—Mon père m'aurait maudit? se disait-il. Oui, peut-être... s'il eût vécu, s'il eût encore foulé cette terre où l'orgueil et le préjugé enfoncent de si fortes racines. Mais, s'il pouvait me voir, maintenant qu'il a connu la vérité et la justice éternelles, ah! je suis sûr qu'il ne me maudirait pas, mais qu'au contraire il me bénirait!
Il se disposa à partir; mais, comme il allait ouvrir la porte, il jeta encore un regard sur cet intérieur délicat dont il était exilé, sur les mille objets qui semblaient porter l'empreinte de l'esprit si altier, mais si fin de la marquise, sur la chaise longue, au pied de laquelle, enfant, il avait joué.
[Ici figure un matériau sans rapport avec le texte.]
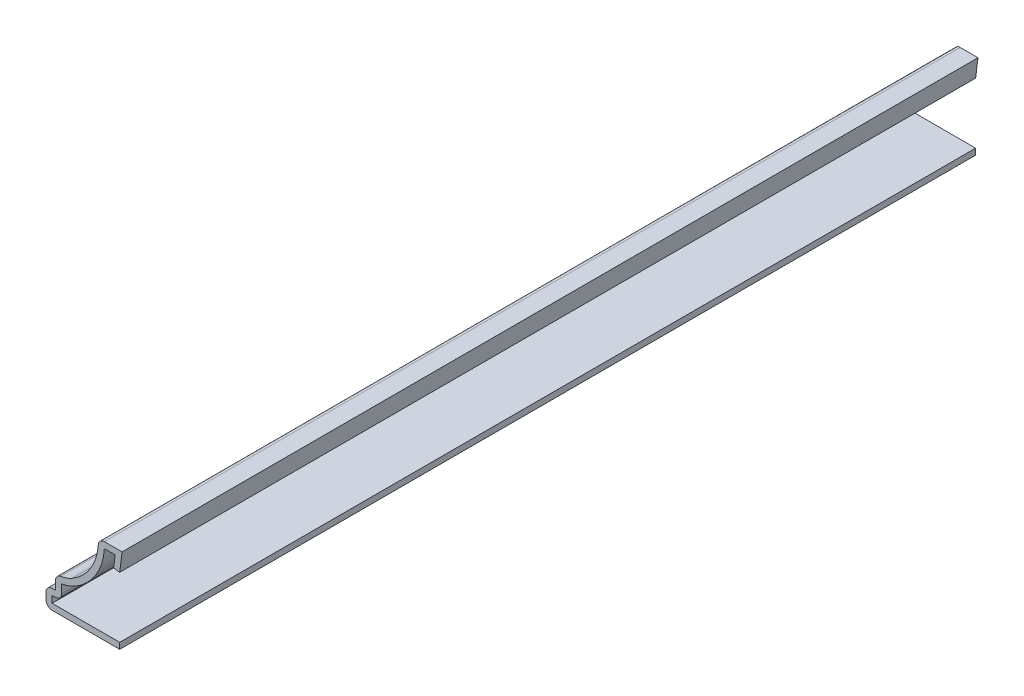
ISO-10303-21;
HEADER;
FILE_DESCRIPTION(('STEP AP214'),'2;1');
FILE_NAME('part.step','',(''),(''),'','','');
FILE_SCHEMA(('AUTOMOTIVE_DESIGN { 1 0 10303 214 1 1 1 1 }'));
ENDSEC;
DATA;
#1=APPLICATION_CONTEXT('core data for automotive mechanical design processes');
#2=APPLICATION_PROTOCOL_DEFINITION('international standard','automotive_design',2000,#1);
#3=PRODUCT_CONTEXT('',#1,'mechanical');
#4=PRODUCT('Part','Part','',(#3));
#5=PRODUCT_RELATED_PRODUCT_CATEGORY('part','',(#4));
#6=PRODUCT_DEFINITION_FORMATION('','',#4);
#7=PRODUCT_DEFINITION_CONTEXT('part definition',#1,'design');
#8=PRODUCT_DEFINITION('design','',#6,#7);
#9=PRODUCT_DEFINITION_SHAPE('','',#8);
#10=(LENGTH_UNIT() NAMED_UNIT(*) SI_UNIT(.MILLI.,.METRE.));
#11=(NAMED_UNIT(*) PLANE_ANGLE_UNIT() SI_UNIT($,.RADIAN.));
#12=(NAMED_UNIT(*) SI_UNIT($,.STERADIAN.) SOLID_ANGLE_UNIT());
#13=UNCERTAINTY_MEASURE_WITH_UNIT(LENGTH_MEASURE(1.E-05),#10,'distance_accuracy_value','');
#14=(GEOMETRIC_REPRESENTATION_CONTEXT(3) GLOBAL_UNCERTAINTY_ASSIGNED_CONTEXT((#13)) GLOBAL_UNIT_ASSIGNED_CONTEXT((#10,
#11,#12)) REPRESENTATION_CONTEXT('',''));
#15=CARTESIAN_POINT('',(0.,0.,0.));
#16=DIRECTION('',(0.,0.,1.));
#17=DIRECTION('',(1.,0.,0.));
#18=AXIS2_PLACEMENT_3D('',#15,#16,#17);
#19=CARTESIAN_POINT('',(-1.40490624951561,11.2644023452637,-142.875));
#20=DIRECTION('',(-0.992156741649221,0.125,0.));
#21=DIRECTION('',(-0.125,-0.992156741649222,0.));
#22=AXIS2_PLACEMENT_3D('',#19,#20,#21);
#23=PLANE('',#22);
#24=DIRECTION('',(-0.125,-0.992156741649221,0.));
#25=VECTOR('',#24,1.);
#26=CARTESIAN_POINT('',(-1.40490624951561,11.2644023452637,0.));
#27=LINE('',#26,#25);
#28=CARTESIAN_POINT('',(-1.15203571373212,13.2715,0.));
#29=VERTEX_POINT('',#28);
#30=CARTESIAN_POINT('',(-1.40490624951561,11.2644023452637,0.));
#31=VERTEX_POINT('',#30);
#32=EDGE_CURVE('E258',#29,#31,#27,.T.);
#33=ORIENTED_EDGE('',*,*,#32,.F.);
#34=DIRECTION('',(0.,0.,1.));
#35=VECTOR('',#34,1.);
#36=CARTESIAN_POINT('',(-1.15203571373212,13.2715,-142.875));
#37=LINE('',#36,#35);
#38=CARTESIAN_POINT('',(-1.15203571373212,13.2715,-142.875));
#39=VERTEX_POINT('',#38);
#40=EDGE_CURVE('E214',#39,#29,#37,.T.);
#41=ORIENTED_EDGE('',*,*,#40,.F.);
#42=DIRECTION('',(-0.125,-0.992156741649221,0.));
#43=VECTOR('',#42,1.);
#44=CARTESIAN_POINT('',(-1.40490624951561,11.2644023452637,-142.875));
#45=LINE('',#44,#43);
#46=CARTESIAN_POINT('',(-1.40490624951561,11.2644023452637,-142.875));
#47=VERTEX_POINT('',#46);
#48=EDGE_CURVE('E195',#39,#47,#45,.T.);
#49=ORIENTED_EDGE('',*,*,#48,.T.);
#50=DIRECTION('',(0.,0.,1.));
#51=VECTOR('',#50,1.);
#52=CARTESIAN_POINT('',(-1.40490624951561,11.2644023452637,-142.875));
#53=LINE('',#52,#51);
#54=EDGE_CURVE('E204',#47,#31,#53,.T.);
#55=ORIENTED_EDGE('',*,*,#54,.T.);
#56=EDGE_LOOP('',(#33,#41,#49,#55));
#57=FACE_BOUND('',#56,.T.);
#58=ADVANCED_FACE('F35',(#57),#23,.T.);
#59=CARTESIAN_POINT('',(0.,13.2715,-142.875));
#60=DIRECTION('',(0.,-1.,0.));
#61=DIRECTION('',(0.,0.,-1.));
#62=AXIS2_PLACEMENT_3D('',#59,#60,#61);
#63=PLANE('',#62);
#64=DIRECTION('',(1.,0.,0.));
#65=VECTOR('',#64,1.);
#66=CARTESIAN_POINT('',(0.,13.2715,0.));
#67=LINE('',#66,#65);
#68=CARTESIAN_POINT('',(-2.96092792350597,13.2715,0.));
#69=VERTEX_POINT('',#68);
#70=EDGE_CURVE('E215',#69,#29,#67,.T.);
#71=ORIENTED_EDGE('',*,*,#70,.F.);
#72=DIRECTION('',(0.,0.,1.));
#73=VECTOR('',#72,1.);
#74=CARTESIAN_POINT('',(-2.96092792350597,13.2715,-142.875));
#75=LINE('',#74,#73);
#76=CARTESIAN_POINT('',(-2.96092792350597,13.2715,-142.875));
#77=VERTEX_POINT('',#76);
#78=EDGE_CURVE('E300',#77,#69,#75,.T.);
#79=ORIENTED_EDGE('',*,*,#78,.F.);
#80=DIRECTION('',(1.,0.,0.));
#81=VECTOR('',#80,1.);
#82=CARTESIAN_POINT('',(0.,13.2715,-142.875));
#83=LINE('',#82,#81);
#84=EDGE_CURVE('E212',#77,#39,#83,.T.);
#85=ORIENTED_EDGE('',*,*,#84,.T.);
#86=ORIENTED_EDGE('',*,*,#40,.T.);
#87=EDGE_LOOP('',(#71,#79,#85,#86));
#88=FACE_BOUND('',#87,.T.);
#89=ADVANCED_FACE('F387',(#88),#63,.T.);
#90=CARTESIAN_POINT('',(-12.6899131848803,13.8679296659806,-142.875));
#91=DIRECTION('',(0.,0.,1.));
#92=DIRECTION('',(1.,0.,0.));
#93=AXIS2_PLACEMENT_3D('',#90,#91,#92);
#94=CYLINDRICAL_SURFACE('',#93,9.74725);
#95=CARTESIAN_POINT('',(-12.6899131848803,13.8679296659806,0.));
#96=DIRECTION('',(0.,0.,1.));
#97=DIRECTION('',(1.,0.,0.));
#98=AXIS2_PLACEMENT_3D('',#95,#96,#97);
#99=CIRCLE('',#98,9.74725);
#100=CARTESIAN_POINT('',(-7.84725470729787,5.40876059142018,0.));
#101=VERTEX_POINT('',#100);
#102=EDGE_CURVE('E218',#101,#69,#99,.T.);
#103=ORIENTED_EDGE('',*,*,#102,.F.);
#104=DIRECTION('',(0.,0.,1.));
#105=VECTOR('',#104,1.);
#106=CARTESIAN_POINT('',(-7.84725470729787,5.40876059142018,-142.875));
#107=LINE('',#106,#105);
#108=CARTESIAN_POINT('',(-7.84725470729787,5.40876059142018,-142.875));
#109=VERTEX_POINT('',#108);
#110=EDGE_CURVE('E302',#109,#101,#107,.T.);
#111=ORIENTED_EDGE('',*,*,#110,.F.);
#112=CARTESIAN_POINT('',(-12.6899131848803,13.8679296659806,-142.875));
#113=DIRECTION('',(0.,0.,1.));
#114=DIRECTION('',(1.,0.,0.));
#115=AXIS2_PLACEMENT_3D('',#112,#113,#114);
#116=CIRCLE('',#115,9.74725);
#117=EDGE_CURVE('E254',#109,#77,#116,.T.);
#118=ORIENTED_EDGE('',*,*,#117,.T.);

—Oh! si je pouvais revenir à cet âge, pensa-t-il, et vivre différemment! Ma pauvre tante! ma pauvre tante!
Il se hâta de quitter la chambre, car les larmes lui venaient aux yeux.
Lorsqu'il revint rue d'Anjou-Saint-Honoré, il eut à subir une épreuve à peine moins pénible; il s'occupa des dispositions à prendre pour la vente de son mobilier. Un découragement cruel le saisit plusieurs fois à la pensée qu'il allait se séparer des trésors d'art réunis là peu à peu, avec tant d'études, de soins et d'amour. L'idée du suicide se glissa de nouveau dans son cœur, tandis qu'il examinait une à une ses armes précieuses. Il songeait aussi aux chevaux, pour lesquels il avait toujours fait des folies; il en possédait d'admirables, et, lorsqu'il se rappelait ces pauvres bêtes, il aurait pu pleurer comme un enfant.
Ce furent de tristes heures que le comte de Laverdie passa chez lui ce soir-là. L'épreuve qu'il traversait eût été véritablement au-dessus de ses forces, et il n'eût pas résisté à la tentation d'en finir avec la vie, si son amour et l'idée qu'il se devait à Gabrielle ne l'avaient pas soutenu.
L'après-midi, avant de se rendre chez sa tante, il avait tracé quelques mots, dans l'espoir que celle-ci se chargerait de les remettre à la jeune fille. Mais, vu la façon dont s'était terminée cette visite, la lettre était restée dans le portefeuille de René. Il l'en sortit pour la relire et songer par quel moyen il pourrait la faire tenir à Gabrielle.
Voici ce qu'il avait écrit, aussi simplement que possible:
«Mademoiselle,
»Ce n'est pas en vain que pendant quelques jours vous m'aurez cru digne de vous. Vous m'avez inspiré l'ambition de le devenir. Cette ambition remplira désormais ma vie avec un autre sentiment que je n'ose vous avouer, car, hélas! j'ai mérité que vous ne puissiez pas y croire.